I've been using ruby for the past 6 months and I must say I am extremely
impressed. I find it a joy to write and I even find myself making
excuses to throw together simple scripts at work. I'm also teaching
myself rails and enjoying the experience as well.

At the same time, I'm looking at Python because I think it's also an
important language to know/understand today. However, the more I look at
Python the more I am convinced that ruby is just better. Syntax-wise,
language vision, design philosophy, I like them all from the ruby side
better.

So, I am kind of confused as to why Python is so mainstream and ruby
still seems so fringe. Apps like YouTube are written in Python and
powerful organizations like NASA, Google, etc. are using Python as well.
So basically, here are my questions:

1) I've read that Python is faster than ruby. How is this possible if
they're both interpreted languages written in C? Is it marginally or
substantially faster? Will this change with the release of YARV? Even if
ruby becomes faster with YARV, wouldn't this mean that the underlying
language, before producing the bytecode, is slower than Python?
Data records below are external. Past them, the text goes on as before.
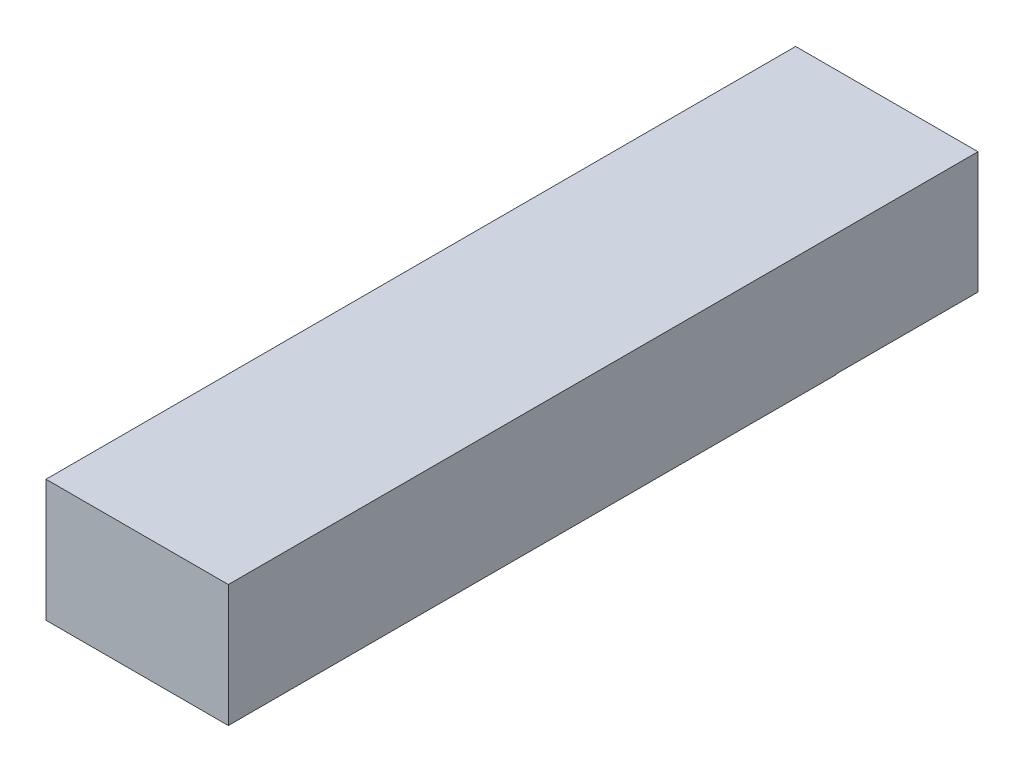
ISO-10303-21;
HEADER;
FILE_DESCRIPTION(('STEP AP214'),'2;1');
FILE_NAME('part.step','',(''),(''),'','','');
FILE_SCHEMA(('AUTOMOTIVE_DESIGN { 1 0 10303 214 1 1 1 1 }'));
ENDSEC;
DATA;
#1=APPLICATION_CONTEXT('core data for automotive mechanical design processes');
#2=APPLICATION_PROTOCOL_DEFINITION('international standard','automotive_design',2000,#1);
#3=PRODUCT_CONTEXT('',#1,'mechanical');
#4=PRODUCT('Part','Part','',(#3));
#5=PRODUCT_RELATED_PRODUCT_CATEGORY('part','',(#4));
#6=PRODUCT_DEFINITION_FORMATION('','',#4);
#7=PRODUCT_DEFINITION_CONTEXT('part definition',#1,'design');
#8=PRODUCT_DEFINITION('design','',#6,#7);
#9=PRODUCT_DEFINITION_SHAPE('','',#8);
#10=(LENGTH_UNIT() NAMED_UNIT(*) SI_UNIT(.MILLI.,.METRE.));
#11=(NAMED_UNIT(*) PLANE_ANGLE_UNIT() SI_UNIT($,.RADIAN.));
#12=(NAMED_UNIT(*) SI_UNIT($,.STERADIAN.) SOLID_ANGLE_UNIT());
#13=UNCERTAINTY_MEASURE_WITH_UNIT(LENGTH_MEASURE(1.E-05),#10,'distance_accuracy_value','');
#14=(GEOMETRIC_REPRESENTATION_CONTEXT(3) GLOBAL_UNCERTAINTY_ASSIGNED_CONTEXT((#13)) GLOBAL_UNIT_ASSIGNED_CONTEXT((#10,
#11,#12)) REPRESENTATION_CONTEXT('',''));
#15=CARTESIAN_POINT('',(0.,0.,0.));
#16=DIRECTION('',(0.,0.,1.));
#17=DIRECTION('',(1.,0.,0.));
#18=AXIS2_PLACEMENT_3D('',#15,#16,#17);
#19=CARTESIAN_POINT('',(2.8,-0.300000000000001,7.));
#20=DIRECTION('',(0.,-1.,0.));
#21=DIRECTION('',(0.,0.,-1.));
#22=AXIS2_PLACEMENT_3D('',#19,#20,#21);
#23=PLANE('',#22);
#24=DIRECTION('',(-1.,0.,0.));
#25=VECTOR('',#24,1.);
#26=CARTESIAN_POINT('',(2.8,-0.300000000000001,0.));
#27=LINE('',#26,#25);
#28=CARTESIAN_POINT('',(2.8,-0.300000000000001,0.));
#29=VERTEX_POINT('',#28);
#30=CARTESIAN_POINT('',(1.2,-0.300000000000001,0.));
#31=VERTEX_POINT('',#30);
#32=EDGE_CURVE('E172',#29,#31,#27,.T.);
#33=ORIENTED_EDGE('',*,*,#32,.T.);
#34=DIRECTION('',(0.,0.,-1.));
#35=VECTOR('',#34,1.);
#36=CARTESIAN_POINT('',(1.2,-0.300000000000001,7.));
#37=LINE('',#36,#35);
#38=CARTESIAN_POINT('',(1.2,-0.300000000000001,7.));
#39=VERTEX_POINT('',#38);
#40=EDGE_CURVE('E11',#39,#31,#37,.T.);
#41=ORIENTED_EDGE('',*,*,#40,.F.);
#42=DIRECTION('',(-1.,0.,0.));
#43=VECTOR('',#42,1.);
#44=CARTESIAN_POINT('',(2.8,-0.300000000000001,7.));
#45=LINE('',#44,#43);
#46=CARTESIAN_POINT('',(2.8,-0.300000000000001,7.));
#47=VERTEX_POINT('',#46);
#48=EDGE_CURVE('E207',#47,#39,#45,.T.);
#49=ORIENTED_EDGE('',*,*,#48,.F.);
#50=DIRECTION('',(0.,0.,-1.));
#51=VECTOR('',#50,1.);
#52=CARTESIAN_POINT('',(2.8,-0.300000000000001,7.));
#53=LINE('',#52,#51);
#54=EDGE_CURVE('E171',#47,#29,#53,.T.);
#55=ORIENTED_EDGE('',*,*,#54,.T.);
#56=EDGE_LOOP('',(#33,#41,#49,#55));
#57=FACE_BOUND('',#56,.T.);
#58=ADVANCED_FACE('F39',(#57),#23,.F.);
#59=CARTESIAN_POINT('',(1.2,-0.300000000000001,7.));
#60=DIRECTION('',(1.,0.,0.));
#61=DIRECTION('',(0.,1.,0.));
#62=AXIS2_PLACEMENT_3D('',#59,#60,#61);
#63=PLANE('',#62);
#64=DIRECTION('',(0.,-1.,0.));
#65=VECTOR('',#64,1.);
#66=CARTESIAN_POINT('',(1.2,-0.300000000000001,0.));
#67=LINE('',#66,#65);
#68=CARTESIAN_POINT('',(1.2,-2.,0.));
#69=VERTEX_POINT('',#68);
#70=EDGE_CURVE('E176',#31,#69,#67,.T.);
#71=ORIENTED_EDGE('',*,*,#70,.T.);
#72=DIRECTION('',(0.,0.,-1.));
#73=VECTOR('',#72,1.);
#74=CARTESIAN_POINT('',(1.2,-2.,7.));
#75=LINE('',#74,#73);
#76=CARTESIAN_POINT('',(1.2,-2.,7.));
#77=VERTEX_POINT('',#76);
#78=EDGE_CURVE('E48',#77,#69,#75,.T.);
#79=ORIENTED_EDGE('',*,*,#78,.F.);
#80=DIRECTION('',(0.,-1.,0.));
#81=VECTOR('',#80,1.);
#82=CARTESIAN_POINT('',(1.2,-0.300000000000001,7.));
#83=LINE('',#82,#81);
#84=EDGE_CURVE('E110',#39,#77,#83,.T.);
#85=ORIENTED_EDGE('',*,*,#84,.F.);
#86=ORIENTED_EDGE('',*,*,#40,.T.);
#87=EDGE_LOOP('',(#71,#79,#85,#86));
#88=FACE_BOUND('',#87,.T.);
#89=ADVANCED_FACE('F315',(#88),#63,.F.);
#90=CARTESIAN_POINT('',(1.2,-2.,7.));
#91=DIRECTION('',(0.,1.,0.));
#92=DIRECTION('',(-1.,0.,0.));
#93=AXIS2_PLACEMENT_3D('',#90,#91,#92);
#94=PLANE('',#93);
#95=DIRECTION('',(1.,0.,0.));
#96=VECTOR('',#95,1.);
#97=CARTESIAN_POINT('',(1.2,-2.,0.));
#98=LINE('',#97,#96);
#99=CARTESIAN_POINT('',(4.5,-2.,0.));
#100=VERTEX_POINT('',#99);
#101=EDGE_CURVE('E180',#69,#100,#98,.T.);
#102=ORIENTED_EDGE('',*,*,#101,.T.);
#103=DIRECTION('',(0.,0.,-1.));
#104=VECTOR('',#103,1.);
#105=CARTESIAN_POINT('',(4.5,-2.,7.));
#106=LINE('',#105,#104);
#107=CARTESIAN_POINT('',(4.5,-2.,7.));
#108=VERTEX_POINT('',#107);
#109=EDGE_CURVE('E232',#108,#100,#106,.T.);
#110=ORIENTED_EDGE('',*,*,#109,.F.);
#111=DIRECTION('',(1.,0.,0.));
#112=VECTOR('',#111,1.);
#113=CARTESIAN_POINT('',(1.2,-2.,7.));
#114=LINE('',#113,#112);
#115=EDGE_CURVE('E242',#77,#108,#114,.T.);
#116=ORIENTED_EDGE('',*,*,#115,.F.);
#117=ORIENTED_EDGE('',*,*,#78,.T.);
#118=EDGE_LOOP('',(#102,#110,#116,#117));
#119=FACE_BOUND('',#118,.T.);
#120=ADVANCED_FACE('F240',(#119),#94,.F.);
#121=CARTESIAN_POINT('',(4.5,-2.,7.));
#122=DIRECTION('',(-1.,0.,0.));
#123=DIRECTION('',(0.,0.,1.));
#124=AXIS2_PLACEMENT_3D('',#121,#122,#123);
#125=PLANE('',#124);
#126=DIRECTION('',(0.,1.,0.));
#127=VECTOR('',#126,1.);
#128=CARTESIAN_POINT('',(4.5,-2.,0.));
#129=LINE('',#128,#127);
#130=CARTESIAN_POINT('',(4.5,4.,0.));
#131=VERTEX_POINT('',#130);
#132=EDGE_CURVE('E183',#100,#131,#129,.T.);
#133=ORIENTED_EDGE('',*,*,#132,.T.);
#134=DIRECTION('',(0.,0.,-1.));
#135=VECTOR('',#134,1.);
#136=CARTESIAN_POINT('',(4.5,4.,7.));
#137=LINE('',#136,#135);
#138=CARTESIAN_POINT('',(4.5,4.,37.));
#139=VERTEX_POINT('',#138);
#140=EDGE_CURVE('E228',#139,#131,#137,.T.);
#141=ORIENTED_EDGE('',*,*,#140,.F.);
#142=DIRECTION('',(0.,1.,0.));
#143=VECTOR('',#142,1.);
#144=CARTESIAN_POINT('',(4.5,4.,37.));
#145=LINE('',#144,#143);
#146=CARTESIAN_POINT('',(4.5,-2.02868254739902,37.));
#147=VERTEX_POINT('',#146);
#148=EDGE_CURVE('E270',#147,#139,#145,.T.);
#149=ORIENTED_EDGE('',*,*,#148,.F.);
#150=DIRECTION('',(0.,0.,-1.));
#151=VECTOR('',#150,1.);
#152=CARTESIAN_POINT('',(4.5,-2.02868254739902,37.));
#153=LINE('',#152,#151);
#154=CARTESIAN_POINT('',(4.5,-2.02868254739902,7.));
#155=VERTEX_POINT('',#154);
#156=EDGE_CURVE('E269',#147,#155,#153,.T.);
#157=ORIENTED_EDGE('',*,*,#156,.T.);
#158=DIRECTION('',(0.,1.,0.));
#159=VECTOR('',#158,1.);
#160=CARTESIAN_POINT('',(4.5,4.,7.));
#161=LINE('',#160,#159);
#162=EDGE_CURVE('E288',#155,#108,#161,.T.);
#163=ORIENTED_EDGE('',*,*,#162,.T.);
#164=ORIENTED_EDGE('',*,*,#109,.T.);
#165=EDGE_LOOP('',(#133,#141,#149,#157,#163,#164));
#166=FACE_BOUND('',#165,.T.);
#167=ADVANCED_FACE('F251',(#166),#125,.F.);
#168=CARTESIAN_POINT('',(-4.5,4.,7.));
#169=DIRECTION('',(0.,-1.,0.));
#170=DIRECTION('',(0.,0.,-1.));
#171=AXIS2_PLACEMENT_3D('',#168,#169,#170);
#172=PLANE('',#171);
#173=DIRECTION('',(-1.,0.,0.));
#174=VECTOR('',#173,1.);
#175=CARTESIAN_POINT('',(-4.5,4.,0.));
#176=LINE('',#175,#174);
#177=CARTESIAN_POINT('',(-4.5,4.,0.));
#178=VERTEX_POINT('',#177);
#179=EDGE_CURVE('E186',#131,#178,#176,.T.);
#180=ORIENTED_EDGE('',*,*,#179,.T.);
#181=DIRECTION('',(0.,0.,-1.));
#182=VECTOR('',#181,1.);
#183=CARTESIAN_POINT('',(-4.5,4.,7.));
#184=LINE('',#183,#182);
#185=CARTESIAN_POINT('',(-4.5,4.,37.));
#186=VERTEX_POINT('',#185);
#187=EDGE_CURVE('E224',#186,#178,#184,.T.);
#188=ORIENTED_EDGE('',*,*,#187,.F.);
#189=DIRECTION('',(-1.,0.,0.));
#190=VECTOR('',#189,1.);
#191=CARTESIAN_POINT('',(-4.5,4.,37.));
#192=LINE('',#191,#190);
#193=EDGE_CURVE('E261',#139,#186,#192,.T.);
#194=ORIENTED_EDGE('',*,*,#193,.F.);
#195=ORIENTED_EDGE('',*,*,#140,.T.);
#196=EDGE_LOOP('',(#180,#188,#194,#195));
#197=FACE_BOUND('',#196,.T.);
#198=ADVANCED_FACE('F258',(#197),#172,.F.);
#199=CARTESIAN_POINT('',(-4.5,-2.,7.));
#200=DIRECTION('',(1.,0.,0.));
#201=DIRECTION('',(0.,0.,-1.));
#202=AXIS2_PLACEMENT_3D('',#199,#200,#201);
#203=PLANE('',#202);
#204=DIRECTION('',(0.,-1.,0.));
#205=VECTOR('',#204,1.);
#206=CARTESIAN_POINT('',(-4.5,-2.,0.));
#207=LINE('',#206,#205);
#208=CARTESIAN_POINT('',(-4.5,-2.,0.));
#209=VERTEX_POINT('',#208);
#210=EDGE_CURVE('E189',#178,#209,#207,.T.);
#211=ORIENTED_EDGE('',*,*,#210,.T.);
#212=DIRECTION('',(0.,0.,-1.));
#213=VECTOR('',#212,1.);
#214=CARTESIAN_POINT('',(-4.5,-2.,7.));
#215=LINE('',#214,#213);
#216=CARTESIAN_POINT('',(-4.5,-2.,7.));
#217=VERTEX_POINT('',#216);
#218=EDGE_CURVE('E220',#217,#209,#215,.T.);
#219=ORIENTED_EDGE('',*,*,#218,.F.);
#220=DIRECTION('',(0.,-1.,0.));
#221=VECTOR('',#220,1.);
#222=CARTESIAN_POINT('',(-4.5,4.,7.));
#223=LINE('',#222,#221);
#224=CARTESIAN_POINT('',(-4.5,-2.02868254739902,7.));
#225=VERTEX_POINT('',#224);
#226=EDGE_CURVE('E280',#217,#225,#223,.T.);
#227=ORIENTED_EDGE('',*,*,#226,.T.);
#228=DIRECTION('',(0.,0.,-1.));
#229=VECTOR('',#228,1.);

2) Why are many mainstream organizations using Python rather than ruby?
Is it simply an age issue (Python has been around longer)? Is it a
performance issue? Is this changing currently?

3) Python seems to be quite prevalent within Linux distros as config
scripts...how did they gain this foothold? Why not ruby for standard
Linux config scripts?

Thanks so much for any answers you all have. I can only hope that ruby
will begin to rival Python in the "mainstream" (whatever this means).
 
M

M. Edward (Ed) Borasky

Drew said:
1) I've read that Python is faster than ruby. How is this possible if
they're both interpreted languages written in C? Is it marginally or
substantially faster? Will this change with the release of YARV? Even if
ruby becomes faster with YARV, wouldn't this mean that the underlying
language, before producing the bytecode, is slower than Python?
I believe the Java Virtual Machine Ruby (JRuby) and the JVM Python
(Jython) are competitive in performance. And I expect YARV to be
competitive with any other language -- despite what some people say,
there's nothing in the syntax or semantics of Ruby that forces a Ruby
implementation to be *significantly* slower over all than other
languages. It's purely a case of how clever you have to be when you
implement the language run-times, compilers and interpreters.
2) Why are many mainstream organizations using Python rather than ruby?
Is it simply an age issue (Python has been around longer)? Is it a
performance issue? Is this changing currently?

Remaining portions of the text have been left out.